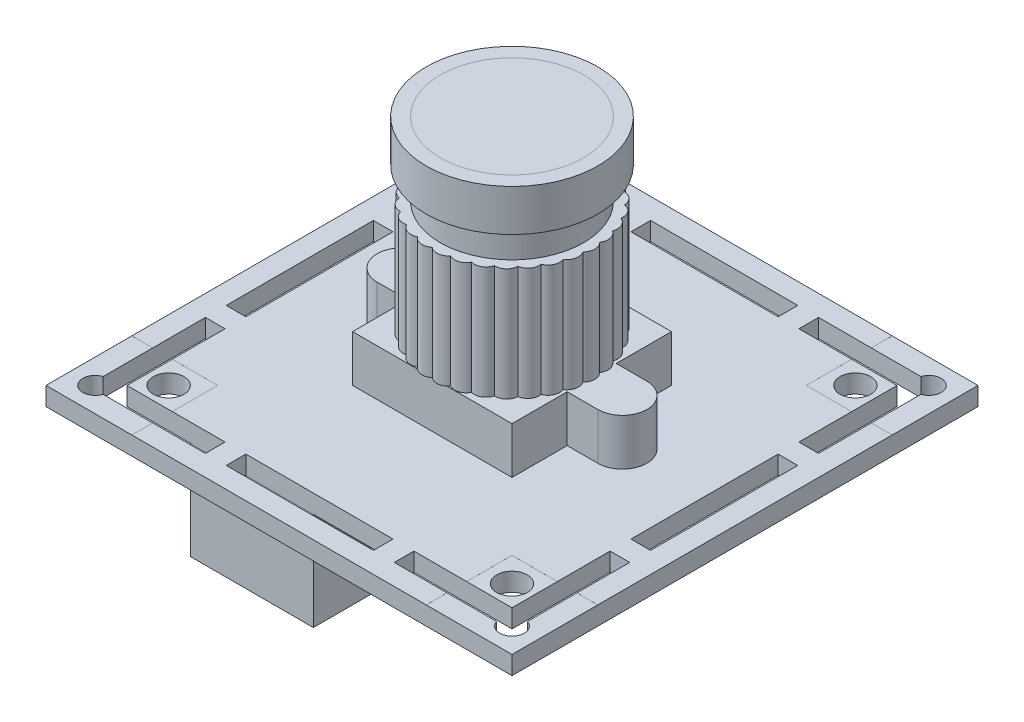
from build123d import *

# Parameters (mm, degrees)
SKETCH_1_W          = 38
SKETCH_1_H          = 38
SKETCH_1_R          = 1.25
SKETCH_1_R_2        = 1
EXTRUDE_1_DEPTH     = 1.5
SKETCH_9_W          = 7
SKETCH_9_H          = 7
CUT_EXTRUDE_2_DEPTH = 0.001
CUT_EXTRUDE_START   = -1.5
SKETCH_9_2_W        = 7
SKETCH_9_2_H        = 7
CUT_EXTRUDE_3_DEPTH = 0.001
CUT_EXTRUDE_1_DEPTH = 27.911893282
EXTRUDE_2_DEPTH     = 3.8
EXTRUDE_3_DEPTH     = 9.2
SKETCH_5_R          = 5.85
EXTRUDE_4_DEPTH     = 6
SKETCH_7_R          = 7
SKETCH_7_R_2        = 5.85
EXTRUDE_5_DEPTH     = 3.4
SKETCH_8_W          = 10
SKETCH_8_H          = 4.7
EXTRUDE_6_DEPTH     = 8


with BuildPart() as part:
    # 草图1 → 凸台-拉伸1 (new body)
    with BuildSketch(Plane(origin=(0, 0, 0), x_dir=(1, 0, 0), z_dir=(0, 1, 0))):
        Rectangle(SKETCH_1_W, SKETCH_1_H)
        with Locations(Location((-14, 14, 0), (0, 0, 270))):
            Circle(SKETCH_1_R, mode=Mode.SUBTRACT)
        with Locations(Location((-14, -14, 0), (0, 0, 270))):
            Circle(SKETCH_1_R, mode=Mode.SUBTRACT)
        with Locations(Location((14, 14, 0), (0, 0, 270))):
            Circle(SKETCH_1_R, mode=Mode.SUBTRACT)
        with Locations(Location((14, -14, 0), (0, 0, 270))):
            Circle(SKETCH_1_R, mode=Mode.SUBTRACT)
        with Locations(Location((-17, 17, 0), (0, 0, 270))):
            Circle(SKETCH_1_R_2, mode=Mode.SUBTRACT)
        with Locations(Location((-17, -17, 0), (0, 0, 270))):
            Circle(SKETCH_1_R_2, mode=Mode.SUBTRACT)
        with Locations(Location((17, -17, 0), (0, 0, 270))):
            Circle(SKETCH_1_R_2, mode=Mode.SUBTRACT)
        with Locations(Location((17, 17, 0), (0, 0, 270))):
            Circle(SKETCH_1_R_2, mode=Mode.SUBTRACT)
    extrude(amount=EXTRUDE_1_DEPTH)

    # 草图9 → 切除-拉伸2 (cut)
    with BuildSketch(Plane(origin=(0, 1.5, 0), x_dir=(1, 0, 0), z_dir=(0, 1, 0))):
        with Locations((15.5, 15.5)):
            Rectangle(SKETCH_9_W, SKETCH_9_H)
        with Locations((-15.5, 15.5)):
            Rectangle(SKETCH_9_W, SKETCH_9_H)
        with Locations((15.5, -15.5)):
            Rectangle(SKETCH_9_W, SKETCH_9_H)
        with Locations((-15.5, -15.5)):
            Rectangle(SKETCH_9_W, SKETCH_9_H)
    extrude(amount=-CUT_EXTRUDE_2_DEPTH, mode=Mode.SUBTRACT)

    # 草图9<2> → 切除-拉伸3 (cut)
    with BuildSketch(Plane(origin=(0, 1.5, 0), x_dir=(1, 0, 0), z_dir=(0, 1, 0)).offset(CUT_EXTRUDE_START)):
        with Locations((15.5, 15.5)):
            Rectangle(SKETCH_9_2_W, SKETCH_9_2_H)
        with Locations((-15.5, 15.5)):
            Rectangle(SKETCH_9_2_W, SKETCH_9_2_H)
        with Locations((15.5, -15.5)):
            Rectangle(SKETCH_9_2_W, SKETCH_9_2_H)
        with Locations((-15.5, -15.5)):
            Rectangle(SKETCH_9_2_W, SKETCH_9_2_H)
    extrude(amount=CUT_EXTRUDE_3_DEPTH, mode=Mode.SUBTRACT)

    # 草图2 → 切除-拉伸1 (cut, through all)
    with BuildSketch(Plane.XZ):
        Polygon((-17.3, 17.3), (-7.7, 17.3), (-7.7, 15.7), (-15.7, 15.7), (-15.7, 7.7), (-17.3, 7.7), align=None)
        Polygon((0, 17.3), (-6, 17.3), (-6, 15.7), (0, 15.7), (6, 15.7), (6, 17.3), align=None)
        Polygon((-15.7, 6), (-15.7, 0), (-15.7, -6), (-17.3, -6), (-17.3, 0), (-17.3, 6), align=None)
        Polygon((15.7, 7.7), (15.7, 15.7), (7.7, 15.7), (7.7, 17.3), (17.3, 17.3), (17.3, 7.7), align=None)
        Polygon((17.3, 6), (15.7, 6), (15.7, 0), (15.7, -6), (17.3, -6), (17.3, 0), align=None)
        Polygon((7.7, -15.7), (15.7, -15.7), (15.7, -7.7), (17.3, -7.7), (17.3, -17.3), (7.7, -17.3), align=None)
        Polygon((6, -17.3), (6, -15.7), (0, -15.7), (-6, -15.7), (-6, -17.3), (0, -17.3), align=None)
        Polygon((-15.7, -7.7), (-15.7, -15.7), (-7.7, -15.7), (-7.7, -17.3), (-17.3, -17.3), (-17.3, -7.7), align=None)
    extrude(amount=-CUT_EXTRUDE_1_DEPTH, mode=Mode.SUBTRACT)

    # 草图3 → 凸台-拉伸2 (add)
    with BuildSketch(Plane(origin=(0, 1.5, 0), x_dir=(1, 0, 0), z_dir=(0, 1, 0))):
        with BuildLine():
            Line((-6.5, 2), (-6.5, 6.5))
            Line((-6.5, 6.5), (6.5, 6.5))
            Line((6.5, 6.5), (6.5, 2))
            Line((6.5, 2), (9, 2))
            ThreePointArc((9, 2), (11, 0), (9, -2))
            Line((9, -2), (6.5, -2))
            Line((6.5, -2), (6.5, -6.5))
            Line((6.5, -6.5), (-6.5, -6.5))
            Line((-6.5, -6.5), (-6.5, -2))
            Line((-6.5, -2), (-9, -2))
            ThreePointArc((-9, -2), (-11, 0), (-9, 2))
            Line((-9, 2), (-6.5, 2))
        make_face()
    extrude(amount=EXTRUDE_2_DEPTH)

    # 草图4 → 凸台-拉伸3 (add)
    with BuildSketch(Plane(origin=(0, 5.3, 0), x_dir=(1, 0, 0), z_dir=(0, 1, 0))):
        with BuildLine():
            ThreePointArc((1.35142599, 6.357959405), (0.705567127, 6.713022794), (0, 6.5))
            ThreePointArc((0, 6.5), (-0.705567127, 6.713022794), (-1.35142599, 6.357959405))
            ThreePointArc((-1.35142599, 6.357959405), (-2.085864712, 6.419631485), (-2.64378818, 5.938045475))
            ThreePointArc((-2.64378818, 5.938045475), (-3.375, 5.845671476), (-3.82060414, 5.258610463))
            ThreePointArc((-3.82060414, 5.258610463), (-4.516631593, 5.016227572), (-4.830441366, 4.349348941))
            ThreePointArc((-4.830441366, 4.349348941), (-5.460864712, 3.967550453), (-5.629165125, 3.25))
            ThreePointArc((-5.629165125, 3.25), (-6.166431839, 2.745472341), (-6.181867356, 2.008610463))
            ThreePointArc((-6.181867356, 2.008610463), (-6.602496305, 1.403403913), (-6.46439232, 0.679435011))
            ThreePointArc((-6.46439232, 0.679435011), (-6.75, 0), (-6.46439232, -0.679435011))
            ThreePointArc((-6.46439232, -0.679435011), (-6.602496305, -1.403403913), (-6.181867356, -2.008610463))
            ThreePointArc((-6.181867356, -2.008610463), (-6.166431839, -2.745472341), (-5.629165125, -3.25))
            ThreePointArc((-5.629165125, -3.25), (-5.460864712, -3.967550453), (-4.830441366, -4.349348941))
            ThreePointArc((-4.830441366, -4.349348941), (-4.516631593, -5.016227572), (-3.82060414, -5.258610463))
            ThreePointArc((-3.82060414, -5.258610463), (-3.375, -5.845671476), (-2.64378818, -5.938045475))
            ThreePointArc((-2.64378818, -5.938045475), (-2.085864712, -6.419631485), (-1.35142599, -6.357959405))
            ThreePointArc((-1.35142599, -6.357959405), (-0.705567127, -6.713022794), (0, -6.5))
            ThreePointArc((0, -6.5), (0.705567127, -6.713022794), (1.35142599, -6.357959405))
            ThreePointArc((1.35142599, -6.357959405), (2.085864712, -6.419631485), (2.64378818, -5.938045475))
            ThreePointArc((2.64378818, -5.938045475), (3.375, -5.845671476), (3.82060414, -5.258610463))
            ThreePointArc((3.82060414, -5.258610463), (4.516631593, -5.016227572), (4.830441366, -4.349348941))
            ThreePointArc((4.830441366, -4.349348941), (5.460864712, -3.967550453), (5.629165125, -3.25))
            ThreePointArc((5.629165125, -3.25), (6.166431839, -2.745472341), (6.181867356, -2.008610463))
            ThreePointArc((6.181867356, -2.008610463), (6.602496305, -1.403403913), (6.46439232, -0.679435011))
            ThreePointArc((6.46439232, -0.679435011), (6.75, 0), (6.46439232, 0.679435011))
            ThreePointArc((6.46439232, 0.679435011), (6.602496305, 1.403403913), (6.181867356, 2.008610463))
            ThreePointArc((6.181867356, 2.008610463), (6.166431839, 2.745472341), (5.629165125, 3.25))
            ThreePointArc((5.629165125, 3.25), (5.460864712, 3.967550453), (4.830441366, 4.349348941))
            ThreePointArc((4.830441366, 4.349348941), (4.516631593, 5.016227572), (3.82060414, 5.258610463))
            ThreePointArc((3.82060414, 5.258610463), (3.375, 5.845671476), (2.64378818, 5.938045475))
            ThreePointArc((2.64378818, 5.938045475), (2.085864712, 6.419631485), (1.35142599, 6.357959405))
        make_face()
    extrude(amount=EXTRUDE_3_DEPTH)

    # 草图5 → 凸台-拉伸4 (add)
    with BuildSketch(Plane(origin=(0, 14.5, 0), x_dir=(1, 0, 0), z_dir=(0, 1, 0))):
        with Locations(Location((0, 0, 0), (0, 0, 270))):
            Circle(SKETCH_5_R)
    extrude(amount=EXTRUDE_4_DEPTH)


with BuildPart() as body_2:
    # 草图7 → 凸台-拉伸5 (new body)
    with BuildSketch(Plane(origin=(0, 20.5, 0), x_dir=(1, 0, 0), z_dir=(0, 1, 0))):
        with Locations(Location((0, 0, 0), (0, 0, 270))):
            Circle(SKETCH_7_R)
        with Locations(Location((0, 0, 0), (0, 0, 270))):
            Circle(SKETCH_7_R_2, mode=Mode.SUBTRACT)
    extrude(amount=-EXTRUDE_5_DEPTH)


with BuildPart() as body_3:
    # 草图8 → 凸台-拉伸6 (new body)
    with BuildSketch(Plane.XZ):
        with Locations((-5.5, 13.35)):
            Rectangle(SKETCH_8_W, SKETCH_8_H)
    extrude(amount=EXTRUDE_6_DEPTH)


solid = Compound([part.part, body_2.part, body_3.part])
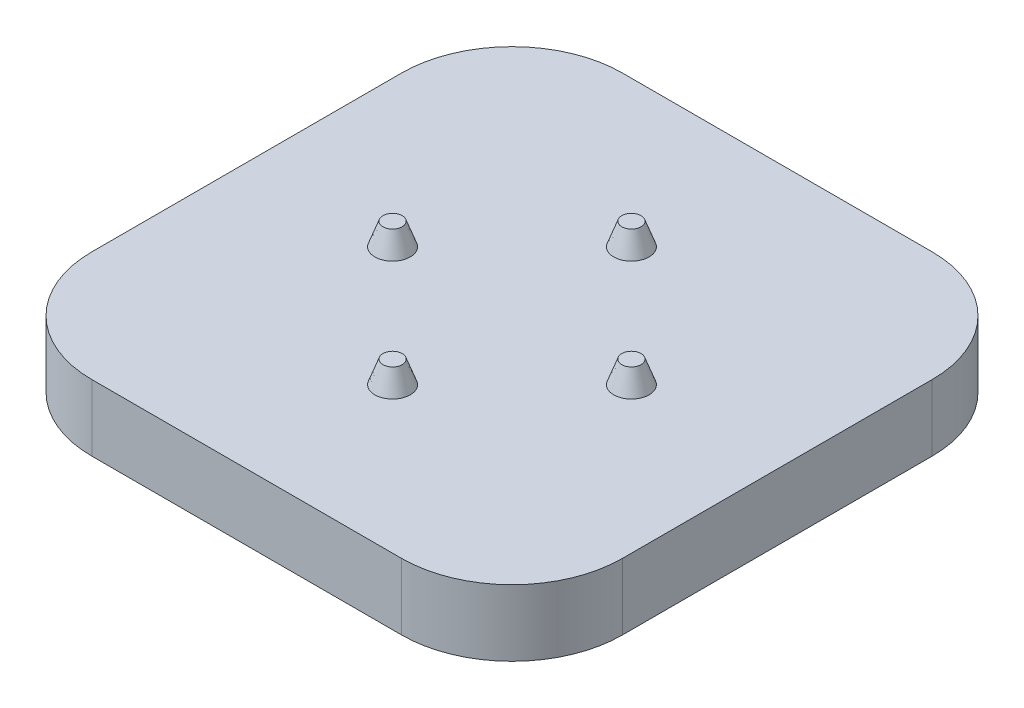
from build123d import *

# Parameters (mm, degrees)
CROQUIS2_W                        = 12
CROQUIS2_H                        = 12
PLATAFORMA_DEPTH                  = 1.5
REDONDEO3_R                       = 2.5
CROQUIS16_R                       = 0.4
SALIENTE_EXTRUIR7_DEPTH           = 0.5
SALIENTE_EXTRUIR7_DRAFT           = 20
SALIENTE_EXTRUIR7_PROFILE_2_DEPTH = 0.5
SALIENTE_EXTRUIR7_PROFILE_2_DRAFT = 20
SALIENTE_EXTRUIR7_PROFILE_3_DEPTH = 0.5
SALIENTE_EXTRUIR7_PROFILE_3_DRAFT = 20
SALIENTE_EXTRUIR7_PROFILE_4_DEPTH = 0.5
SALIENTE_EXTRUIR7_PROFILE_4_DRAFT = 20
ESCALA1_SCALE                     = 10


with BuildPart() as part:
    # Croquis2 → Plataforma (new body)
    with BuildSketch(Plane(origin=(0, 0, 0), x_dir=(1, 0, 0), z_dir=(0, 1, 0))):
        Rectangle(CROQUIS2_W, CROQUIS2_H)
    extrude(amount=PLATAFORMA_DEPTH)

    # Redondeo3
    redondeo3_edges = [part.edges().sort_by_distance(p)[0] for p in [
        (-6, 0.75, -6),
        (6, 0.75, -6),
        (6, 0.75, 6),
        (-6, 0.75, 6),
    ]]
    fillet(redondeo3_edges, radius=REDONDEO3_R)


with BuildPart() as saliente_extruir7_tool:
    # Croquis16 → Saliente-Extruir7 (with draft: the straight prism first)
    with BuildSketch(Plane(origin=(0, 1.5, 0), x_dir=(1, 0, 0), z_dir=(0, 1, 0))):
        with Locations((-2.7, 0)):
            Circle(CROQUIS16_R)
    extrude(amount=SALIENTE_EXTRUIR7_DEPTH)
    # Saliente-Extruir7: the draft: its side faces are tilted about the plane it starts from
    saliente_extruir7_sides = [saliente_extruir7_tool.faces().sort_by_distance(p)[0] for p in [
        (-3.1, 1.75, 0),
    ]]
    draft(saliente_extruir7_sides, Plane(origin=(0, 1.5, 0), x_dir=(1, 0, 0), z_dir=(0, 1, 0)), SALIENTE_EXTRUIR7_DRAFT)


with BuildPart() as part_1:
    add(part.part)

    # Saliente-Extruir7: add saliente_extruir7_tool
    add(saliente_extruir7_tool.part)


with BuildPart() as saliente_extruir7_profile_2_tool:
    # Croquis16 → Saliente-Extruir7 profile 2 (with draft: the straight prism first)
    with BuildSketch(Plane(origin=(0, 1.5, 0), x_dir=(1, 0, 0), z_dir=(0, 1, 0))):
        with Locations((0, -2.7)):
            Circle(CROQUIS16_R)
    extrude(amount=SALIENTE_EXTRUIR7_PROFILE_2_DEPTH)
    # Saliente-Extruir7 profile 2: the draft: its side faces are tilted about the plane it starts from
    saliente_extruir7_profile_2_sides = [saliente_extruir7_profile_2_tool.faces().sort_by_distance(p)[0] for p in [
        (-0.4, 1.75, 2.7),
    ]]
    draft(saliente_extruir7_profile_2_sides, Plane(origin=(0, 1.5, 0), x_dir=(1, 0, 0), z_dir=(0, 1, 0)), SALIENTE_EXTRUIR7_PROFILE_2_DRAFT)


with BuildPart() as part_2:
    add(part_1.part)

    # Saliente-Extruir7 profile 2: add saliente_extruir7_profile_2_tool
    add(saliente_extruir7_profile_2_tool.part)


with BuildPart() as saliente_extruir7_profile_3_tool:
    # Croquis16 → Saliente-Extruir7 profile 3 (with draft: the straight prism first)
    with BuildSketch(Plane(origin=(0, 1.5, 0), x_dir=(1, 0, 0), z_dir=(0, 1, 0))):
        with Locations((2.7, 0)):
            Circle(CROQUIS16_R)
    extrude(amount=SALIENTE_EXTRUIR7_PROFILE_3_DEPTH)
    # Saliente-Extruir7 profile 3: the draft: its side faces are tilted about the plane it starts from
    saliente_extruir7_profile_3_sides = [saliente_extruir7_profile_3_tool.faces().sort_by_distance(p)[0] for p in [
        (2.3, 1.75, 0),
    ]]
    draft(saliente_extruir7_profile_3_sides, Plane(origin=(0, 1.5, 0), x_dir=(1, 0, 0), z_dir=(0, 1, 0)), SALIENTE_EXTRUIR7_PROFILE_3_DRAFT)


with BuildPart() as part_3:
    add(part_2.part)

    # Saliente-Extruir7 profile 3: add saliente_extruir7_profile_3_tool
    add(saliente_extruir7_profile_3_tool.part)


with BuildPart() as saliente_extruir7_profile_4_tool:
    # Croquis16 → Saliente-Extruir7 profile 4 (with draft: the straight prism first)
    with BuildSketch(Plane(origin=(0, 1.5, 0), x_dir=(1, 0, 0), z_dir=(0, 1, 0))):
        with Locations((0, 2.7)):
            Circle(CROQUIS16_R)
    extrude(amount=SALIENTE_EXTRUIR7_PROFILE_4_DEPTH)
    # Saliente-Extruir7 profile 4: the draft: its side faces are tilted about the plane it starts from
    saliente_extruir7_profile_4_sides = [saliente_extruir7_profile_4_tool.faces().sort_by_distance(p)[0] for p in [
        (-0.4, 1.75, -2.7),
    ]]
    draft(saliente_extruir7_profile_4_sides, Plane(origin=(0, 1.5, 0), x_dir=(1, 0, 0), z_dir=(0, 1, 0)), SALIENTE_EXTRUIR7_PROFILE_4_DRAFT)


with BuildPart() as part_4:
    add(part_3.part)

    # Saliente-Extruir7 profile 4: add saliente_extruir7_profile_4_tool
    add(saliente_extruir7_profile_4_tool.part)


with BuildPart() as part_5:
    # Escala1: scaled about (0, 0.752818482, 0)
    add(part_4.part.scale(ESCALA1_SCALE).moved(Location((0, -6.775366338, 0))))


solid = part_5.part

------------------------------------------------------------

— BRIEF —
Taking the entries above, print exactly the lines starting at the line with "Line((6.5, -2), (6.5, -6.5))" and ending at the line with "5.845671476), (-3.82060414, 5.258610463))", both included.

— RESPONSE BELOW —
            Line((6.5, -2), (6.5, -6.5))
            Line((6.5, -6.5), (-6.5, -6.5))
            Line((-6.5, -6.5), (-6.5, -2))
            Line((-6.5, -2), (-9, -2))
            ThreePointArc((-9, -2), (-11, 0), (-9, 2))
            Line((-9, 2), (-6.5, 2))
        make_face()
    extrude(amount=EXTRUDE_2_DEPTH)

    # 草图4 → 凸台-拉伸3 (add)
    with BuildSketch(Plane(origin=(0, 5.3, 0), x_dir=(1, 0, 0), z_dir=(0, 1, 0))):
        with BuildLine():
            ThreePointArc((1.35142599, 6.357959405), (0.705567127, 6.713022794), (0, 6.5))
            ThreePointArc((0, 6.5), (-0.705567127, 6.713022794), (-1.35142599, 6.357959405))
            ThreePointArc((-1.35142599, 6.357959405), (-2.085864712, 6.419631485), (-2.64378818, 5.938045475))
            ThreePointArc((-2.64378818, 5.938045475), (-3.375, 5.845671476), (-3.82060414, 5.258610463))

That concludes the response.